We are also exploring CEPH as a replacement of HDFS, to benefit from its erasure coding capability.
No
TRIUMF-LCG2
From a hardware technology perspective, we have been using somewhat the same technology for the bulk of our storage systems over the span of many years (i.e. fibre channel) and followed industry trends and standards which has been effective to achieve stable Tier-1 operations. dCache has been quite good for a number of years.
We have explored Clustered file systems like Ceph which provide a certain level performance and reliability, however, for a full and optimal Tier-1 deployment at scale with proper integration with the ATLAS data management system is not trivial. Protocols supported are also limited.
We do have an xcache setup for testing, but how to fit it into ATLAS production is not clear. One of the intent was to set up a regional cache that could be used by the west coast Tier-2 centres (or Tier-3). The storage cached capacity would be of the order of ~PB scale if needed or necessary.
KR-KISTI-GSDC-01
We are currently exploring a high-density JBOD enclosure (at least 60 disks in a box) to ensure maximum storage capacity within a budget. Also we are looking for a reliable solution for software-defined storage, such as ceph, gluster, or EOS that can be deployed upon JBOD enclosures. One concern is that reliability of the storage with new configuration since we must meet the requirement of WLCG
MoU as a Tier-1.
GRIF
No
no
No pertinent inputs on this question
No
ZA-CHPC
We did, but have resorted back to EOS for all, for simplicity in admin.
JINR-T1
N/A
praguelcg2
No.
UKI-NORTHGRID-LIV-HEP
We don’t see any possibility of using storage systems other than magnetic HDDs due to budgetary constraints.
INDIACMS-TIFR
exploring EOS
TR-10-ULAKBIM
I am not sure they will provide improvements.
prague_cesnet_lcg2
We have not explored this, but I do not see any problem with it.
TR-03-METU
No
aurora-grid.lunarc.lu.se
I'm testing
BeeGFS.
SARA-MATRIX_NKHEF-ELPROD__NL-T1_
No. Yes.
No.
DESY-HH
We explore storage technologies and will continue in the future.
T3_PSI_CH
SAMPA
Yes, I've been looking at some storage technology alternatives. The impediment can be only requirements of the WLCG
INFN-T1
We are investigating alternative deployment models of distributed filesystems on top of RAIDless systems, (disk servers+JBODs). The aim is to understand if we can maintain high availability standards at a lower price (considering both cost of ownership and operation). Work is in progress and still do not have a definite answer.
GLOW
No
UNI-FREIBURG
2016 we tried low endurance SSDs as /tmp (I know - this is NO storage) in our non-WLCG cluster - not relieable. replaced all in 2018 with semi-enterprise quality SSDs
I see no point in using SSDs for basic storage yet.
Ru-Troitsk-INR-LCG2
No
T2_Estonia
We are happy with our storage technology.

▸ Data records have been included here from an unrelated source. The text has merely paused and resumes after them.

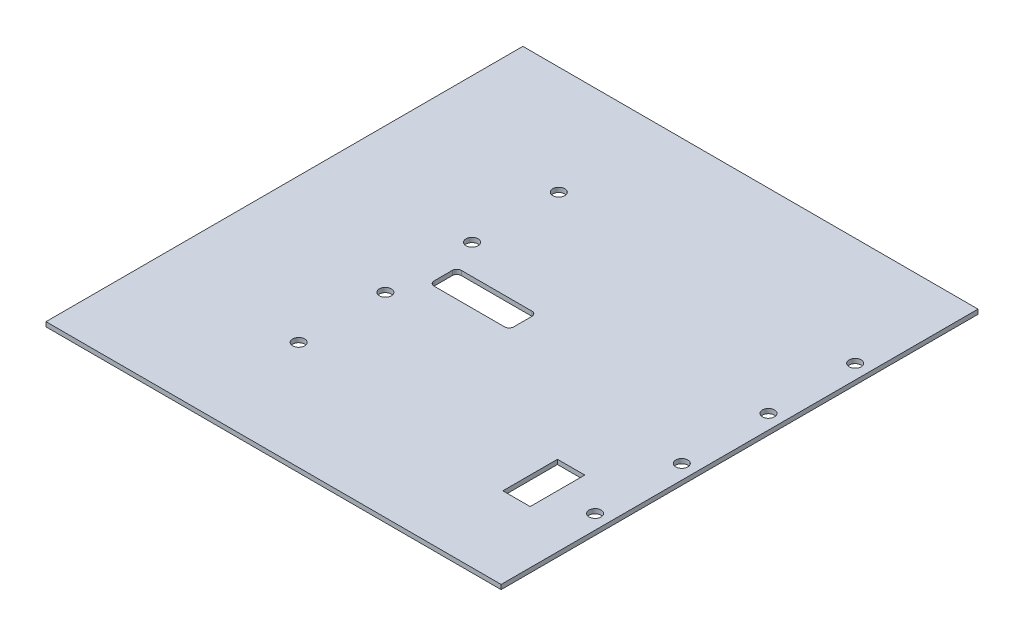
SolidWorks part; units mm, degrees
material "Thornel Mat VMA"
ref_plane "Front Plane" through (0, 0, 0) normal (0, 0, 1) x (1, 0, 0)
ref_plane "Top Plane" through (0, 0, 0) normal (0, 1, 0) x (1, 0, 0)
ref_plane "Right Plane" through (0, 0, 0) normal (1, 0, 0) x (0, 0, -1)
sketch "Sketch1" plane through (0, 0, 0) normal (0, 1, 0) x (1, 0, 0)
  line L1 (-100, -104.775) -> (100, -104.775)
  line L2 (-100, -104.775) -> (-100, 104.775)
  line L3 (-100, 104.775) -> (100, 104.775)
  line L4 (100, -104.775) -> (100, 104.775)
  line L5 (-100, -104.775) -> (100, 104.775) construction
  line L6 (-100, 104.775) -> (100, -104.775) construction
  point P0 (0, 0)
  dimension "D1" = 200
  dimension "D2" = 209.55
extrude "Boss-Extrude1" add sketch "Sketch1" along normal mid plane 2
sketch "Sketch2" plane through (0, 1, 0) normal (0, 1, 0) x (1, 0, 0)
  line L0 (-100, -104.775) -> (100, -104.775) construction
  line L1 (100, 104.775) -> (87.3, 104.775) construction
  line L2 (100, 104.775) -> (100, -104.775) construction
  line L3 (100, -104.775) -> (87.3, -104.775) construction
  line L4 (87.3, 104.775) -> (87.3, -104.775) construction
  line L5 (100, 104.775) -> (-100, 104.775) construction
  line L6 (-30.25, 104.775) -> (-42.95, 104.775) construction
  line L7 (-30.25, 104.775) -> (-30.25, -104.775) construction
  line L8 (-30.25, -104.775) -> (-42.95, -104.775) construction
  line L9 (-42.95, 104.775) -> (-42.95, -104.775) construction
  line L10 (93.65, 104.775) -> (93.65, -104.775) construction
  line L11 (-36.6, 104.775) -> (-36.6, -104.775) construction
  point P17 (93.65, 57.15)
  point P18 (-36.6, 57.15)
  point P20 (93.65, 19.05)
  point P21 (-36.6, 19.05)
  point P22 (93.65, -19.05)
  point P23 (-36.6, -19.05)
  point P24 (93.65, -57.15)
  point P25 (-36.6, -57.15)
  dimension "D1" = 12.7
  dimension "D2" = 12.7
  dimension "D3" = 130.25
  dimension "D4" = 47.625
  dimension "D6" = 38.1
  dimension "D5" = 4
hole_wizard "M5 Clearance Hole1" positions "Sketch3" profile "Sketch4" hole size "M5" standard "ANSI Metric" end condition up to next
sketch "Sketch3" plane through (0, 1, 0) normal (0, 1, 0) x (1, 0, 0)
  point P0 (-36.6, 57.15)
  point P3 (-36.6, 19.05)
  point P6 (-36.6, -19.05)
  point P9 (-36.6, -57.15)
  point P12 (93.65, -57.15)
  point P15 (93.65, -19.05)
  point P18 (93.65, 19.05)
  point P21 (93.65, 57.15)
sketch "Sketch4" plane through (-36.6, 1, -57.15) normal (1, 0, 0) x (0, 0, 1)
  line L0 (0, 0) -> (0, 2)
  line L1 (0, 2) -> (2.65, 2)
  line L2 (2.65, 2) -> (2.65, 0)
  line L5 (2.65, 0) -> (0, 0)
  line L11 (0, -6.35) -> (0, 107.95) construction
  dimension "Thru Hole Dia." = 5.3
  dimension "Thru Hole Depth" = 2
sketch "Sketch5" plane through (0, 1, 0) normal (0, 1, 0) x (1, 0, 0)
  line L0 (-30.25, 104.775) -> (-30.25, -104.775) construction
  line L1 (100, 104.775) -> (-100, 104.775) construction
  line L2 (-100, -104.775) -> (100, -104.775) construction
  line L3 (0, 0) -> (100, 0) construction
  line L4 (4.75, -6) -> (-30.25, -6)
  line L5 (4.75, -6) -> (4.75, 6)
  line L6 (4.75, 6) -> (-30.25, 6)
  line L7 (-30.25, -6) -> (-30.25, 6)
  line L8 (4.75, -6) -> (-30.25, 6) construction
  line L9 (4.75, 6) -> (-30.25, -6) construction
  line L10 (100, -104.775) -> (100, 104.775) construction
  circle A2 centre (-36.6, 19.05) radius 2.65 construction
  point P12 (-12.75, 0)
  dimension "D4" = 6.35
  dimension "D5" = 12
  dimension "D6" = 35
extrude "Cut-Extrude1" cut sketch "Sketch5" against normal through all
fillet "Fillet1" radius 2 4 edges at (4.75, 0, 6) (-30.25, 0, 6) (4.75, 0, -6) (-30.25, 0, -6)
sketch "Sketch8" plane through (0, 1, 0) normal (0, 1, 0) x (1, 0, 0)
  line L0 (100, -104.775) -> (100, 104.775) construction
  line L1 (64.75, -68.775) -> (76.75, -68.775)
  line L2 (64.75, -68.775) -> (64.75, -44.775)
  line L3 (64.75, -44.775) -> (76.75, -44.775)
  line L4 (76.75, -68.775) -> (76.75, -44.775)
  line L5 (64.75, -68.775) -> (76.75, -44.775) construction
  line L6 (64.75, -44.775) -> (76.75, -68.775) construction
  line L7 (-100, -104.775) -> (100, -104.775) construction
  point P0 (70.75, -56.775)
  dimension "D1" = 12
  dimension "D2" = 24
  dimension "D3" = 23.25
  dimension "D4" = 36
extrude "Cut-Extrude2" cut sketch "Sketch8" against normal through all
equation "\"D2@Sketch1\"=8.25in"
equation "\"D1@Sketch2\"=0.5in"
equation "\"D2@Sketch2\"=0.5in"
equation "\"D4@Sketch2\"=1.5in + 0.75in/2"
equation "\"D4@Sketch5\"=0.25in"
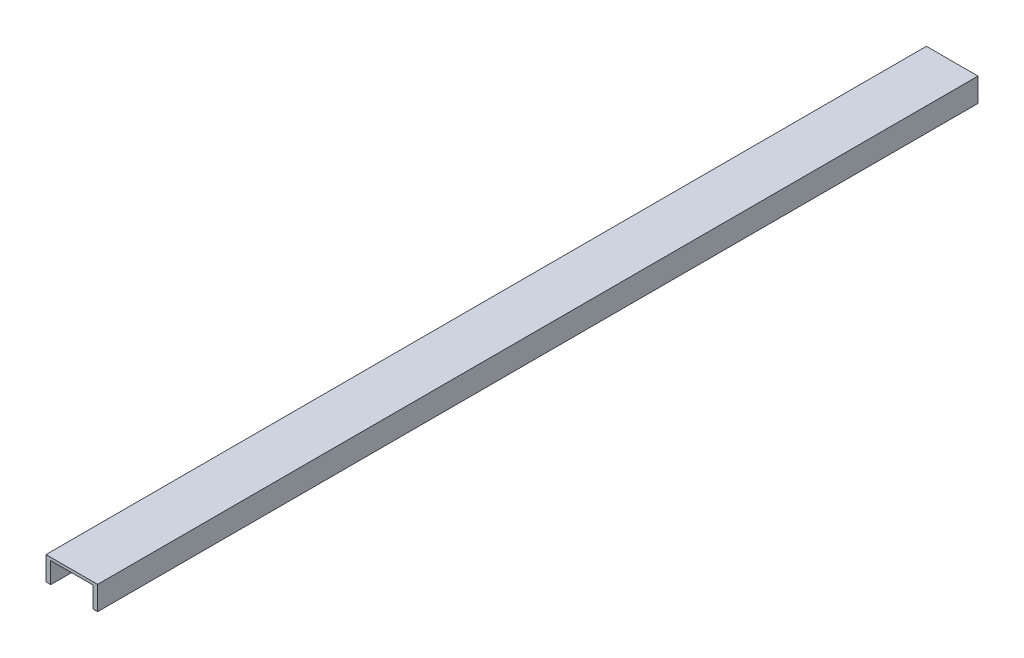
SolidWorks part; units mm, degrees
material "AISI 4340 Acero normalizado"
ref_plane "Alzado" through (0, 0, 0) normal (0, 0, 1) x (1, 0, 0)
ref_plane "Planta" through (0, 0, 0) normal (0, 1, 0) x (1, 0, 0)
ref_plane "Vista lateral" through (0, 0, 0) normal (1, 0, 0) x (0, 0, -1)
sketch "Croquis2" plane through (0, 0, 0) normal (0, 0, 1) x (1, 0, 0)
  line L0 (31.1, -17.5) -> (31.1, 13.2)
  line L1 (38.1, -17.5) -> (-38.1, -17.5)
  line L2 (38.1, -17.5) -> (38.1, 17.5)
  line L3 (38.1, 17.5) -> (-38.1, 17.5)
  line L4 (-38.1, -17.5) -> (-38.1, 17.5)
  line L5 (38.1, -17.5) -> (-38.1, 17.5) construction
  line L6 (38.1, 17.5) -> (-38.1, -17.5) construction
  line L7 (31.1, 13.2) -> (-31.1, 13.2)
  line L8 (-31.1, -17.5) -> (-31.1, 13.2)
  line L11 (31.1, -17.5) -> (-31.1, -17.5)
  point P0 (0, 0)
  point P10 (0, 0)
  point P12 (0, 0)
  dimension "D1" = 35
  dimension "D2" = 76.2
  dimension "D3" = 4.3
  dimension "D4" = 7
  dimension "D5" = 7
extrude "Saliente-Extruir1" add sketch "Croquis2" along normal mid plane 1300 contours L1 L8 L7 L0 L2 L3 L4 region at (31.9385, -2.15, 0)
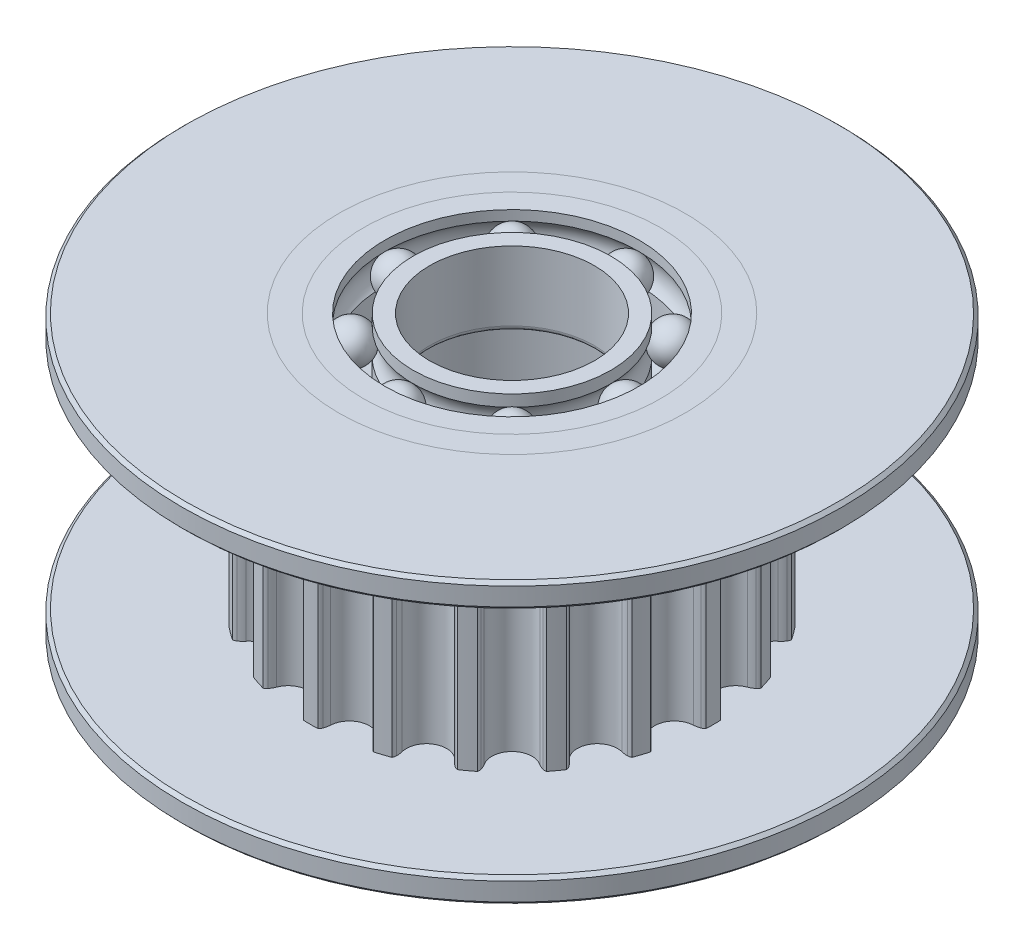
SolidWorks part; units mm, degrees
material "6061-T6 (SS)"
ref_plane "Přední rovina" through (0, 0, 0) normal (0, 0, 1) x (1, 0, 0)
ref_plane "Horní rovina" through (0, 0, 0) normal (0, 1, 0) x (1, 0, 0)
ref_plane "Pravá rovina" through (0, 0, 0) normal (1, 0, 0) x (0, 0, -1)
sketch "Skica1" plane through (0, 0, 0) normal (0, 0, 1) x (1, 0, 0)
  line L0 (4.5, 10) -> (5.25, 10)
  line L1 (5.25, 10) -> (5.25, 8.5)
  line L2 (5.25, 8.5) -> (6.11, 8.5)
  line L3 (6.11, 8.5) -> (6.11, 1.5)
  line L4 (6.11, 1.5) -> (5.25, 1.5)
  line L5 (5.25, 1.5) -> (5.25, 0)
  line L6 (5.25, 0) -> (4.5, 0)
  line L8 (4.5, 10) -> (4.5, 7)
  line L9 (4.5, 7) -> (3.5, 7)
  line L10 (3.5, 7) -> (3.5, 3)
  line L11 (3.5, 3) -> (4.5, 3)
  line L12 (4.5, 3) -> (4.5, 0)
  line L13 (0, 0) -> (0, -4.1646) construction
  dimension "D1" = 10
  dimension "D2" = 7
  dimension "D3" = 4.5
  dimension "D4" = 3.5
  dimension "D5" = 6.11
  dimension "D6" = 3
  dimension "D7" = 5.25
revolve "Rotovat1" add sketch "Skica1" angle 360 about L13
chamfer "Zkosení1" distance 0.1 angle 45 4 edges at (0, 3, 3.5) (0, 0, 4.5) (0, 7, 3.5) (0, 10, 4.5)
fillet "Zaoblit1" radius 0.1 2 edges at (0, 3, 4.5) (0, 7, 4.5)
sketch "Skica11" plane through (0, 8.5, 0) normal (0, 1, 0) x (1, 0, 0)
  line L0 (0, -5.5) -> (0, 5.5) construction
  line L1 (-5.5, 0) -> (5.5, 0) construction
  point P5 (0, 6.1087)
  arc B0 (-3.6824, -4.5256) -> (-4.5256, -3.6824) centre (-4.1938, -4.1938) ccw
  arc B1 (-3.6824, -4.5256) -> (-3.7624, -4.7003) centre (-3.1284, -4.885) ccw
  arc B2 (-3.7624, -4.7003) -> (-3.7672, -4.8088) centre (-3.5429, -4.7643) ccw
  arc B3 (-3.7672, -4.8088) -> (-3.4093, -5.0688) centre (0, 0) ccw
  arc B4 (-3.4093, -5.0688) -> (-3.3076, -5.0308) centre (-3.4362, -4.8418) ccw
  arc B5 (-3.3076, -5.0308) -> (-3.1662, -4.9006) centre (-3.6792, -4.4848) ccw
  arc B6 (-2.1037, -5.442) -> (-3.1662, -4.9006) centre (-2.6926, -5.2845) ccw
  arc B7 (-2.1037, -5.442) -> (-2.1258, -5.6329) centre (-1.4657, -5.6126) ccw
  arc B8 (-2.1258, -5.6329) -> (-2.0968, -5.7376) centre (-1.8973, -5.6259) ccw
  arc B9 (-2.0968, -5.7376) -> (-1.6761, -5.8742) centre (0, 0) ccw
  arc B10 (-1.6761, -5.8742) -> (-1.5911, -5.8066) centre (-1.7719, -5.6667) ccw
  arc B11 (-1.5911, -5.8066) -> (-1.4968, -5.6392) centre (-2.1132, -5.4022) ccw
  arc B12 (-0.319, -5.8257) -> (-1.4968, -5.6392) centre (-0.9278, -5.8579) ccw
  arc B13 (-0.319, -5.8257) -> (-0.2811, -6.0141) centre (0.3404, -5.7909) ccw
  arc B14 (-0.2811, -6.0141) -> (-0.2211, -6.1047) centre (-0.0659, -5.9369) ccw
  arc B15 (-0.2211, -6.1047) -> (0.2211, -6.1047) centre (0, 0) ccw
  arc B16 (0.2211, -6.1047) -> (0.2811, -6.0141) centre (0.0659, -5.9369) ccw
  arc B17 (0.2811, -6.0141) -> (0.319, -5.8257) centre (-0.3404, -5.7909) ccw
  arc B18 (1.4968, -5.6392) -> (0.319, -5.8257) centre (0.9278, -5.8579) ccw
  arc B19 (1.4968, -5.6392) -> (1.5911, -5.8066) centre (2.1132, -5.4022) ccw
  arc B20 (1.5911, -5.8066) -> (1.6761, -5.8742) centre (1.7719, -5.6667) ccw
  arc B21 (1.6761, -5.8742) -> (2.0968, -5.7376) centre (0, 0) ccw
  arc B22 (2.0968, -5.7376) -> (2.1258, -5.6329) centre (1.8973, -5.6259) ccw
  arc B23 (2.1258, -5.6329) -> (2.1037, -5.442) centre (1.4657, -5.6126) ccw
  arc B24 (3.1662, -4.9006) -> (2.1037, -5.442) centre (2.6926, -5.2845) ccw
  arc B25 (3.1662, -4.9006) -> (3.3076, -5.0308) centre (3.6792, -4.4848) ccw
  arc B26 (3.3076, -5.0308) -> (3.4093, -5.0688) centre (3.4362, -4.8418) ccw
  arc B27 (3.4093, -5.0688) -> (3.7672, -4.8088) centre (0, 0) ccw
  arc B28 (3.7672, -4.8088) -> (3.7624, -4.7003) centre (3.5429, -4.7643) ccw
  arc B29 (3.7624, -4.7003) -> (3.6824, -4.5256) centre (3.1284, -4.885) ccw
  arc B30 (4.5256, -3.6824) -> (3.6824, -4.5256) centre (4.1938, -4.1938) ccw
  arc B31 (4.5256, -3.6824) -> (4.7003, -3.7624) centre (4.885, -3.1284) ccw
  arc B32 (4.7003, -3.7624) -> (4.8088, -3.7672) centre (4.7643, -3.5429) ccw
  arc B33 (4.8088, -3.7672) -> (5.0688, -3.4093) centre (0, 0) ccw
  arc B34 (5.0688, -3.4093) -> (5.0308, -3.3076) centre (4.8418, -3.4362) ccw
  arc B35 (5.0308, -3.3076) -> (4.9006, -3.1662) centre (4.4848, -3.6792) ccw
  arc B36 (5.442, -2.1037) -> (4.9006, -3.1662) centre (5.2845, -2.6926) ccw
  arc B37 (5.442, -2.1037) -> (5.6329, -2.1258) centre (5.6126, -1.4657) ccw
  arc B38 (5.6329, -2.1258) -> (5.7376, -2.0968) centre (5.6259, -1.8973) ccw
  arc B39 (5.7376, -2.0968) -> (5.8742, -1.6761) centre (0, 0) ccw
  arc B40 (5.8742, -1.6761) -> (5.8066, -1.5911) centre (5.6667, -1.7719) ccw
  arc B41 (5.8066, -1.5911) -> (5.6392, -1.4968) centre (5.4022, -2.1132) ccw
  arc B42 (5.8257, -0.319) -> (5.6392, -1.4968) centre (5.8579, -0.9278) ccw
  arc B43 (5.8257, -0.319) -> (6.0141, -0.2811) centre (5.7909, 0.3404) ccw
  arc B44 (6.0141, -0.2811) -> (6.1047, -0.2211) centre (5.9369, -0.0659) ccw
  arc B45 (6.1047, -0.2211) -> (6.1047, 0.2211) centre (0, 0) ccw
  arc B46 (6.1047, 0.2211) -> (6.0141, 0.2811) centre (5.9369, 0.0659) ccw
  arc B47 (6.0141, 0.2811) -> (5.8257, 0.319) centre (5.7909, -0.3404) ccw
  arc B48 (5.6392, 1.4968) -> (5.8257, 0.319) centre (5.8579, 0.9278) ccw
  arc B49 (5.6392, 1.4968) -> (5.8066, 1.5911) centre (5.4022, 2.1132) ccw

After we moved scratch from local to central storage we have no more performance issues with that and it has been quite reliable. It is very cost effective already. Changing that technology means we have to change whole our site. I think that is not possible and cost effective.
pic
We are exploring Ceph, but no alternative storage technology is being tested at PIC. The main impediment is monetary, given the available funding, exploring new endeavours is typically a difficult task. We provide the WLCG
MoU requirements in the most optimal way we’ve found, and we keep an eye and participate in Working Groups which deal with new technologies, which could be eventually adopted in our site.
ifae
We are exploring Ceph, but no alternative storage technology is being tested at PIC. The main impediment is monetary, given the available funding, exploring new endeavours is typically a difficult task. We provide the WLCG
MoU requirements in the most optimal way we’ve found, and we keep an eye and participate in Working Groups which deal with new technologies, which could be eventually adopted in our site.
NCBJ-CIS
We are not exploring any alternatives at the moment.
RAL has already done this with the deployment of Echo, our Ceph backed disk storage. We have optimised it for high throughput and it has massively improved performance over our previous setup. It also has far better reliability and data availability.
The object store model is successfully used in the commerical sector to scale far beyond the current needs of the WLCG. We believe our storage is comfortably scalable to meet the requirements of HL-LHC.
Ceph is used widely within the
RAL site (far beyond the Tier-1). It provides a backend for the STFC Cloud as well multiple
CephFS instance for local users. The effort to maintain a Ceph cluster is just a small part of a large group.
There were significant hurdles to implement this solution. The main issues were:
1) We did not offer an SRM or support for deprecated functionality such as the lcg-* commands. Despite experiments saying they didn't need them, it was often found that they did still rely on an old feature and we had to wait for them to fix it.
2) Experiments still basically work on the assumption that the underlying storage is a file system. Object stores are different from traditional files systems however they meet the needs of WLCG workflows very well. In some cases, things need to be done slightly differently and this has met with a mixed response from Experiments. Mostly they are very supportive but there are always edge cases.
3) There was a lot of mis-understanding about how it worked and a general resistance to change. We are still told it is more expensive/less performant/harder to support than other solutions despite this not being the case.
T2_IT_Rome
we have not explored
BNL-ATLAS
We explore Ceph with erasure code support, and dCache using libRados interface to serve storage at scale of 10PB. We are also evaluating Lustre as potential use in HPC and HTC environment in the future.
FZK-LCG2
We have been investigating object storage as a low performance storage tier, however at the high capacities we have to provide, the price of the disks is the dominating factor. We will keep investigating cheaper storage solutions based on erasure coding.
INFN-NAPOLI-ATLAS
No alternative technologies explored yet
--
OliverKeeble - 2019-08-22